== Action item ==
Set down each line from the start of the material exactly, please, up to and including the one that contains "Voltage glitching driver".

== Material for this exercise ==
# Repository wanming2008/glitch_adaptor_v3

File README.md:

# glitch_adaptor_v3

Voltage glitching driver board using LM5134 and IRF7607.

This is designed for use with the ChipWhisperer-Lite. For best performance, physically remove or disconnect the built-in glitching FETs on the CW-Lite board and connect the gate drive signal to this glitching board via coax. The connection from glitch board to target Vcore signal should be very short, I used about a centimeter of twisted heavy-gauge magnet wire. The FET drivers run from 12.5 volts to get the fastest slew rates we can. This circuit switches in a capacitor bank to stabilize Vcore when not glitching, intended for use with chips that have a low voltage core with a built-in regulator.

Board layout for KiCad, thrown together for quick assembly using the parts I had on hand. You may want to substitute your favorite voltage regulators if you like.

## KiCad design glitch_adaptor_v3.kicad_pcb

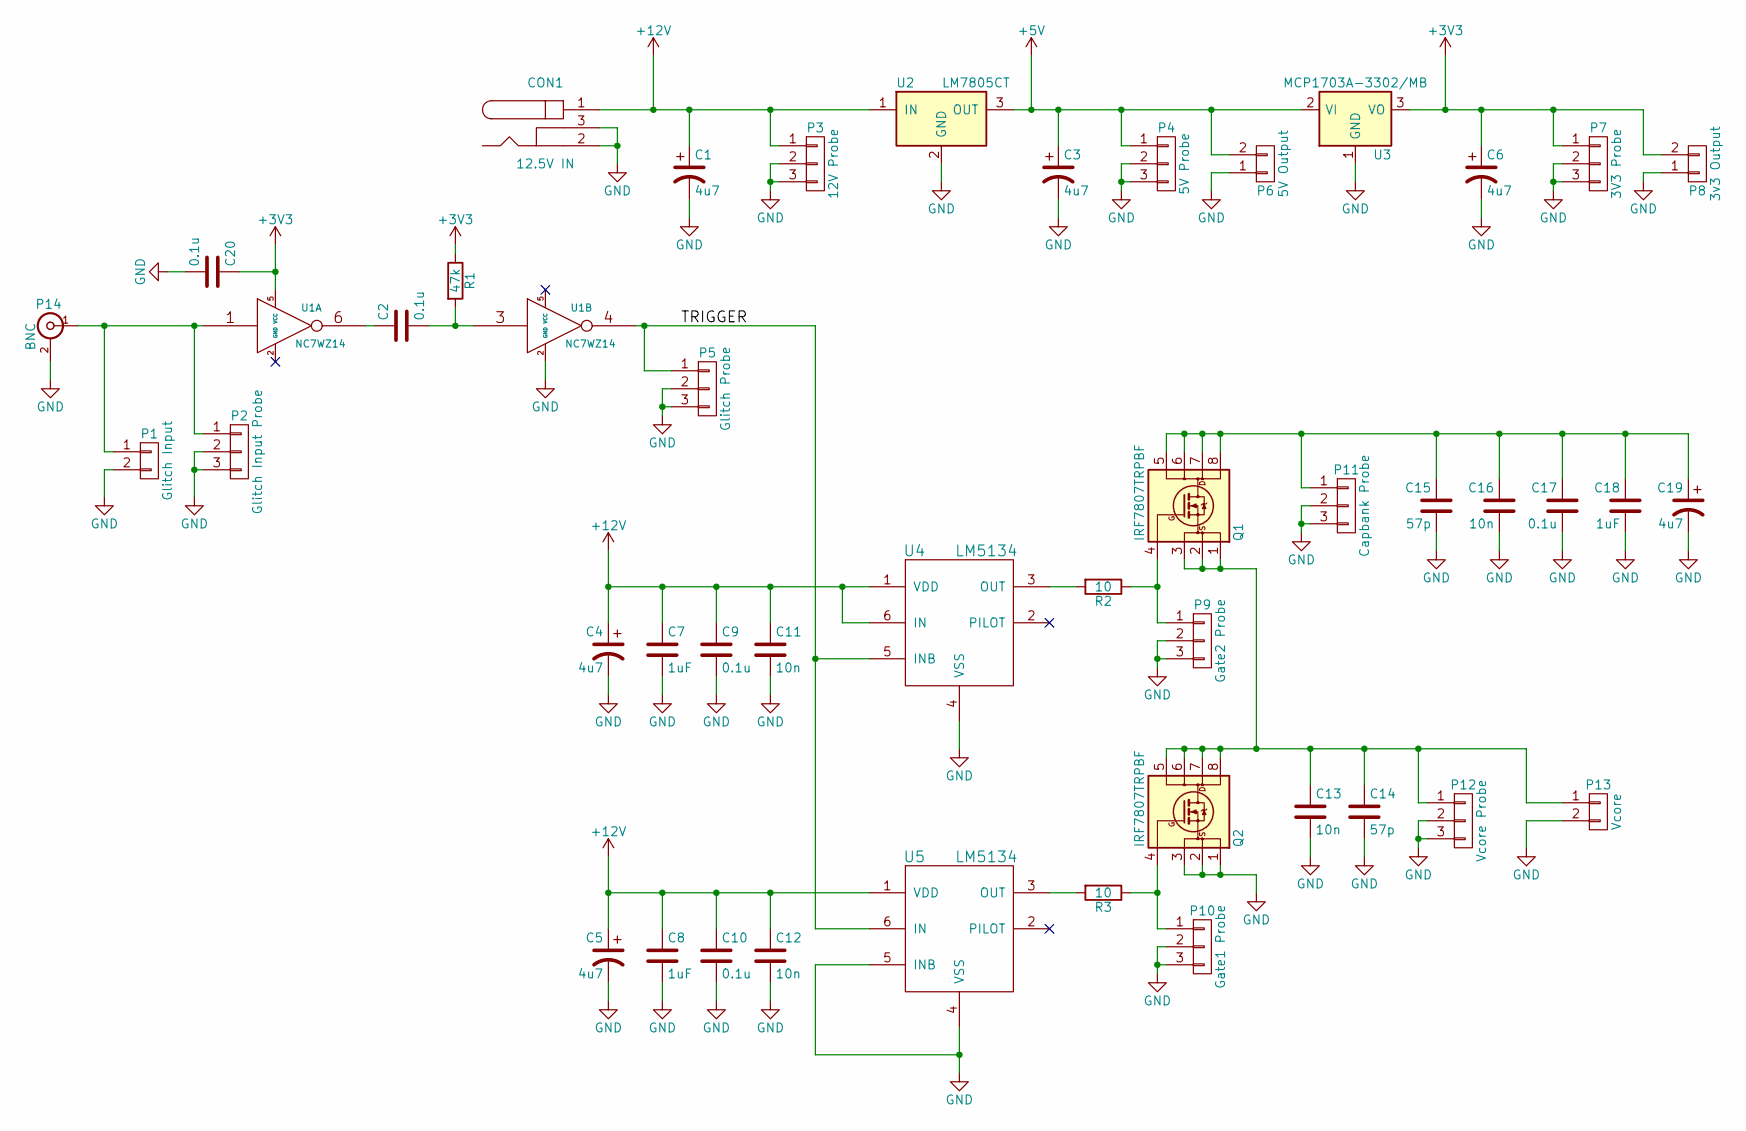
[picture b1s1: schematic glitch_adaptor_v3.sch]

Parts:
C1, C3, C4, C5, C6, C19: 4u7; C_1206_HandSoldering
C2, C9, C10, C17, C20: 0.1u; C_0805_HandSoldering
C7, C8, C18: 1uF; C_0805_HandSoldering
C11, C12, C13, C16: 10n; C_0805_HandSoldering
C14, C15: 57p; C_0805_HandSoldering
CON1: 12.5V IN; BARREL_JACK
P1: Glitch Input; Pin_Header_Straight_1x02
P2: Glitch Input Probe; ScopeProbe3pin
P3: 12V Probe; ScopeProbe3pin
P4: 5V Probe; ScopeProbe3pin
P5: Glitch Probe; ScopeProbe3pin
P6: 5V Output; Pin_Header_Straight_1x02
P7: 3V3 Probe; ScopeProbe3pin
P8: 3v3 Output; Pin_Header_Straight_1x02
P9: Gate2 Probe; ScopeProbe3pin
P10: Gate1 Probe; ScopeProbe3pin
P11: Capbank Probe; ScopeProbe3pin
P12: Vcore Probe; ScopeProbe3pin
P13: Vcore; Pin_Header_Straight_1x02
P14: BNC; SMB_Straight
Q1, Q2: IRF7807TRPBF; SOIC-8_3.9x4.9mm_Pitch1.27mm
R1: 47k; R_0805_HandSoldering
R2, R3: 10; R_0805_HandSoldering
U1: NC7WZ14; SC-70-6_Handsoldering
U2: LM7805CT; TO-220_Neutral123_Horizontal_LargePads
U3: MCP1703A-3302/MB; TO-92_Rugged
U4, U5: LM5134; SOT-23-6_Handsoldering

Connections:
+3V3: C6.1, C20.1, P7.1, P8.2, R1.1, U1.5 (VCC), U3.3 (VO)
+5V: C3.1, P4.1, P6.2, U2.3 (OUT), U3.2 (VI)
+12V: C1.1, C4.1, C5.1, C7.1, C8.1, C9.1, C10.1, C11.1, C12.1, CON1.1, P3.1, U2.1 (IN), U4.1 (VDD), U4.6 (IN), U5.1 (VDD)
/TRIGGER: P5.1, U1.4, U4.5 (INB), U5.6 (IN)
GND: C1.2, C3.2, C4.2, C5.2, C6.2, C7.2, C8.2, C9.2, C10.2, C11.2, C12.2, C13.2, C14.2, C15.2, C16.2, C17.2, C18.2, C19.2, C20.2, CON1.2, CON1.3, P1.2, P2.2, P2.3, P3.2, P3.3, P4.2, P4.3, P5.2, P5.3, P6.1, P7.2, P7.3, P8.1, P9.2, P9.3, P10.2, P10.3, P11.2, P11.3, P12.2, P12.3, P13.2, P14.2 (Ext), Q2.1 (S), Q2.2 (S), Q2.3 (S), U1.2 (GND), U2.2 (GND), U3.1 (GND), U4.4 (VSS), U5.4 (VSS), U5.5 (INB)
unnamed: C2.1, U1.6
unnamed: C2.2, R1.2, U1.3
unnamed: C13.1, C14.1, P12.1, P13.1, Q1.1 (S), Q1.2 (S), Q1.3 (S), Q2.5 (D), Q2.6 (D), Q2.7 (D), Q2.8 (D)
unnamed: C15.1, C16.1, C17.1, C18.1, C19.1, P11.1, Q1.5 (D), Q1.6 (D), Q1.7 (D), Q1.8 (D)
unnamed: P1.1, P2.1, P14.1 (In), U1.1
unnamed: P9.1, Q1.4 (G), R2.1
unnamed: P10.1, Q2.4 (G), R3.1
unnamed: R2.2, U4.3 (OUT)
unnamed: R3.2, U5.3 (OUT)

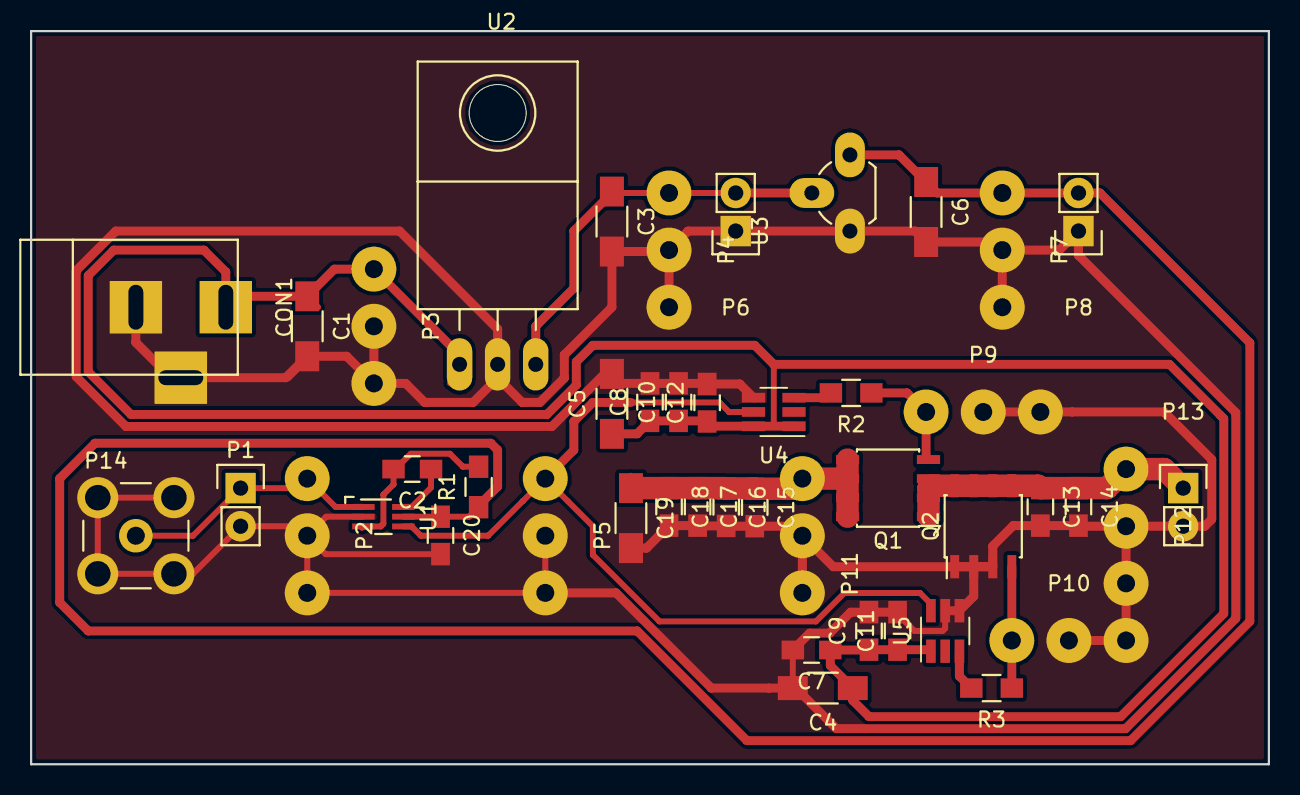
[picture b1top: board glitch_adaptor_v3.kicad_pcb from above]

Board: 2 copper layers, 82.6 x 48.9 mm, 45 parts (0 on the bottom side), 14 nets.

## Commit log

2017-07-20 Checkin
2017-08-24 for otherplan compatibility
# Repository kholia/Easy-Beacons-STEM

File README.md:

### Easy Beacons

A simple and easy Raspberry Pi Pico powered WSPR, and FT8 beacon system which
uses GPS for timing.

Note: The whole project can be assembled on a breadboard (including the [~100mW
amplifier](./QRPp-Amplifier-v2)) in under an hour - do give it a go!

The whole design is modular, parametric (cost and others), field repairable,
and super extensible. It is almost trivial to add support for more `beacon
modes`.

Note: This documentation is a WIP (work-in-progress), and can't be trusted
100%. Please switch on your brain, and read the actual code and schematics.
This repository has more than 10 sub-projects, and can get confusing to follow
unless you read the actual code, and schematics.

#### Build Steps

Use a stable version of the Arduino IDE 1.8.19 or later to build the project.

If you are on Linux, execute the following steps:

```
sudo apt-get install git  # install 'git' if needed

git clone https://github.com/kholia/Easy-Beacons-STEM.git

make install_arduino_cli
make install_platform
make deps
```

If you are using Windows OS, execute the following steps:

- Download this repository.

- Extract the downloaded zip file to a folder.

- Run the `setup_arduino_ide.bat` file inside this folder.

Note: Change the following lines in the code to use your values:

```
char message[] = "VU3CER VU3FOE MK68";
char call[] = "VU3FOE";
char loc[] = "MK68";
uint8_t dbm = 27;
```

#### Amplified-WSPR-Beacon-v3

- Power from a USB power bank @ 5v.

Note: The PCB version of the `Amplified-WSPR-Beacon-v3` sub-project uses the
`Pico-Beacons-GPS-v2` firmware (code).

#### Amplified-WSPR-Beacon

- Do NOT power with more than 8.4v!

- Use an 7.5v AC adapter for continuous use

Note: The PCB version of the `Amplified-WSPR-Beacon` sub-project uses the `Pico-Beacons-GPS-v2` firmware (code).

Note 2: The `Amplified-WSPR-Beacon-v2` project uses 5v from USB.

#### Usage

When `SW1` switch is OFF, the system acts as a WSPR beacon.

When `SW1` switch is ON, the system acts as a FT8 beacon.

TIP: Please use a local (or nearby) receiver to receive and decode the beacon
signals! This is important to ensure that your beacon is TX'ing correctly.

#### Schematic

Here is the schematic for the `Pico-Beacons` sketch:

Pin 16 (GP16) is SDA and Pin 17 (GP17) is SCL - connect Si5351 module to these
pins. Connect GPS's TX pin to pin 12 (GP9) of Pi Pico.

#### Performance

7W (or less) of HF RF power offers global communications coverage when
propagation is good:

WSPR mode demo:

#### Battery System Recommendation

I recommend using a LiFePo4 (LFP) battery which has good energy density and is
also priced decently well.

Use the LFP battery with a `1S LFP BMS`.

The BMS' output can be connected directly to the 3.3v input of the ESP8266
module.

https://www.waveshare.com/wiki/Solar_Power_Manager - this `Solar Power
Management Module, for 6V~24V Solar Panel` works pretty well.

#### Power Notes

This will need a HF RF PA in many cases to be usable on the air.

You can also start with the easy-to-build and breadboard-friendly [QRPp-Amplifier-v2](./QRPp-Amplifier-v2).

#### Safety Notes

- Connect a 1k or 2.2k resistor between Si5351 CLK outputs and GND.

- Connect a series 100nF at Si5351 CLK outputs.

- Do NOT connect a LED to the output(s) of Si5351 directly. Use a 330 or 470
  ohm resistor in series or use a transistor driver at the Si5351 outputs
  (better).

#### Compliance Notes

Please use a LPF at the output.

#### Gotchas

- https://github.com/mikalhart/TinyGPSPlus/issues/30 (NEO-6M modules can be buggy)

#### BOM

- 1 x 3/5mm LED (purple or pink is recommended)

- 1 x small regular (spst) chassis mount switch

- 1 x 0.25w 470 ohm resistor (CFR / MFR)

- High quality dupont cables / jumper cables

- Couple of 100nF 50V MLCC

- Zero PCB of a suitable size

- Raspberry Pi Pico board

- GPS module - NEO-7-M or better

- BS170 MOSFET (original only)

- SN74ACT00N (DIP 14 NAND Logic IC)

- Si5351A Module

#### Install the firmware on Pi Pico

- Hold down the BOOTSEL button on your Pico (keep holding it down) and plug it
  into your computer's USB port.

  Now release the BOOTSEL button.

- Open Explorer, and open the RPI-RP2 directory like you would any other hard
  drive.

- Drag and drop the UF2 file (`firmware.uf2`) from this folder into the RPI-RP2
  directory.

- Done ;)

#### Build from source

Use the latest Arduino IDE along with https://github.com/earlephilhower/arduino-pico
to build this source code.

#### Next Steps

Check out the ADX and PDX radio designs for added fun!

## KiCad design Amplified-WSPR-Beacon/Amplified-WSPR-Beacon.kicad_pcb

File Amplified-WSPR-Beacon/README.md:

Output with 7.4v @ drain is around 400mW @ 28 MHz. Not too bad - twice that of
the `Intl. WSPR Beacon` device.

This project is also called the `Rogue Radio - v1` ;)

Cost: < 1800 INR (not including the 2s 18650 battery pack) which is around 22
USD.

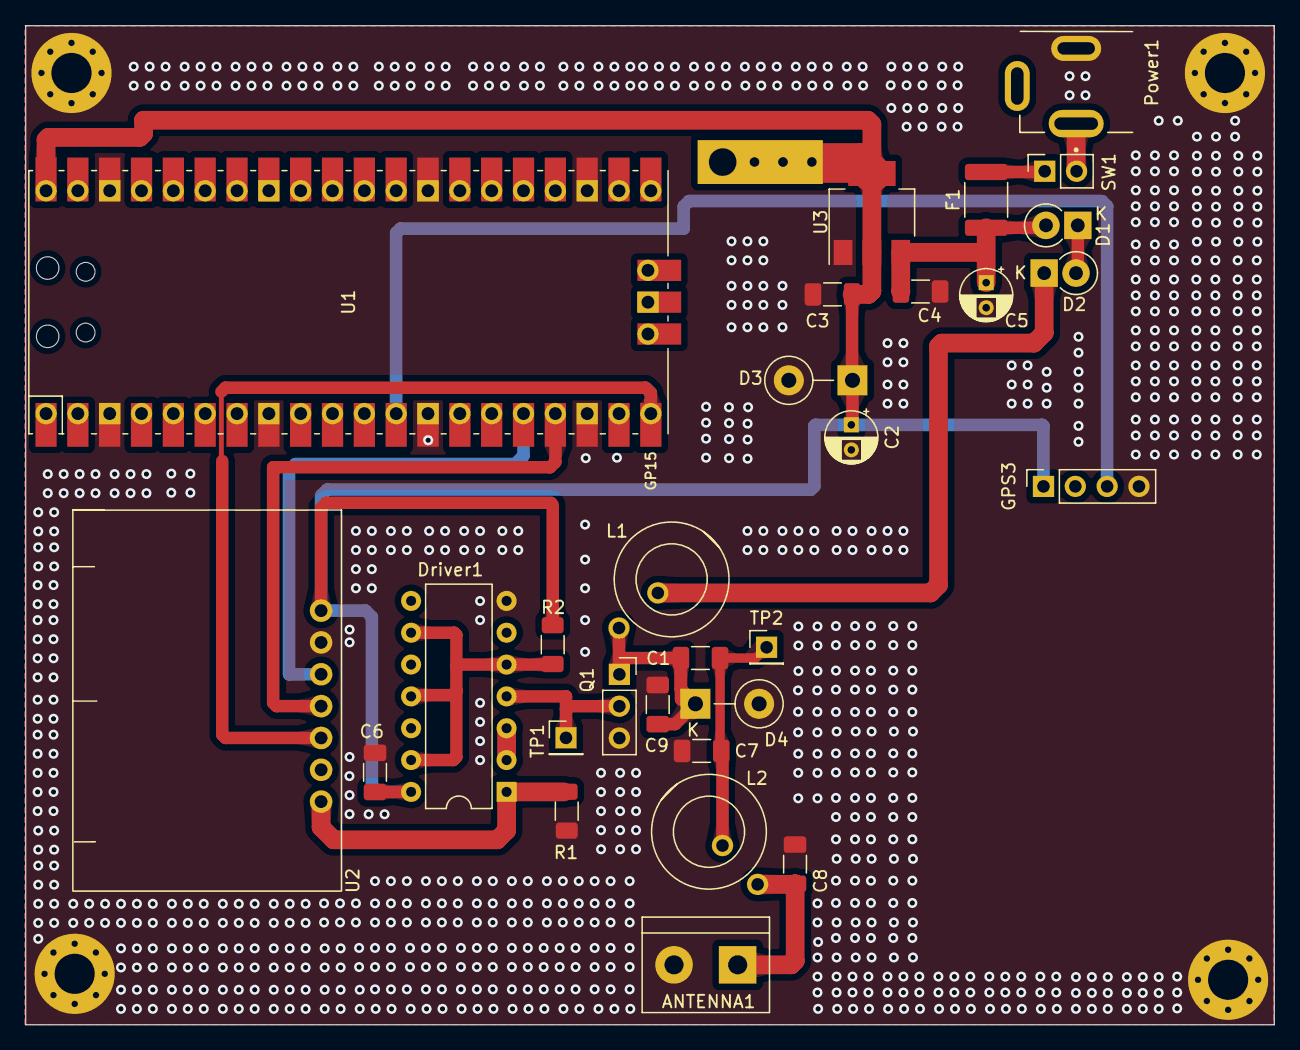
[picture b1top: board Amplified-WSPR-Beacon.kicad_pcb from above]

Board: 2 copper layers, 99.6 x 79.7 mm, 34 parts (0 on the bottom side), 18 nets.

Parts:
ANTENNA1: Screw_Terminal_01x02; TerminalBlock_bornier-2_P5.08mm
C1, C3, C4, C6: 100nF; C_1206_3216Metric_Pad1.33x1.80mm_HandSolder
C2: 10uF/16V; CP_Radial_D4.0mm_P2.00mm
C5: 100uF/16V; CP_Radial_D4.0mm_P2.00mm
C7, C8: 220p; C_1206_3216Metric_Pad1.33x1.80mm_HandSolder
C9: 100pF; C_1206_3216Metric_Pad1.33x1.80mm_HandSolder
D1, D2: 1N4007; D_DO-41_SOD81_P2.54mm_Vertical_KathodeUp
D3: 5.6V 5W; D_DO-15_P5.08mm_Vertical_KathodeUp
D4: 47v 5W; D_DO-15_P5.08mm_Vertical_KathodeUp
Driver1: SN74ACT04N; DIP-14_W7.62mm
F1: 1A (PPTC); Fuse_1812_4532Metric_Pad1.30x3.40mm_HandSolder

== Written answer ==
# Repository wanming2008/glitch_adaptor_v3

File README.md:

# glitch_adaptor_v3

Voltage glitching driver board using LM5134 and IRF7607.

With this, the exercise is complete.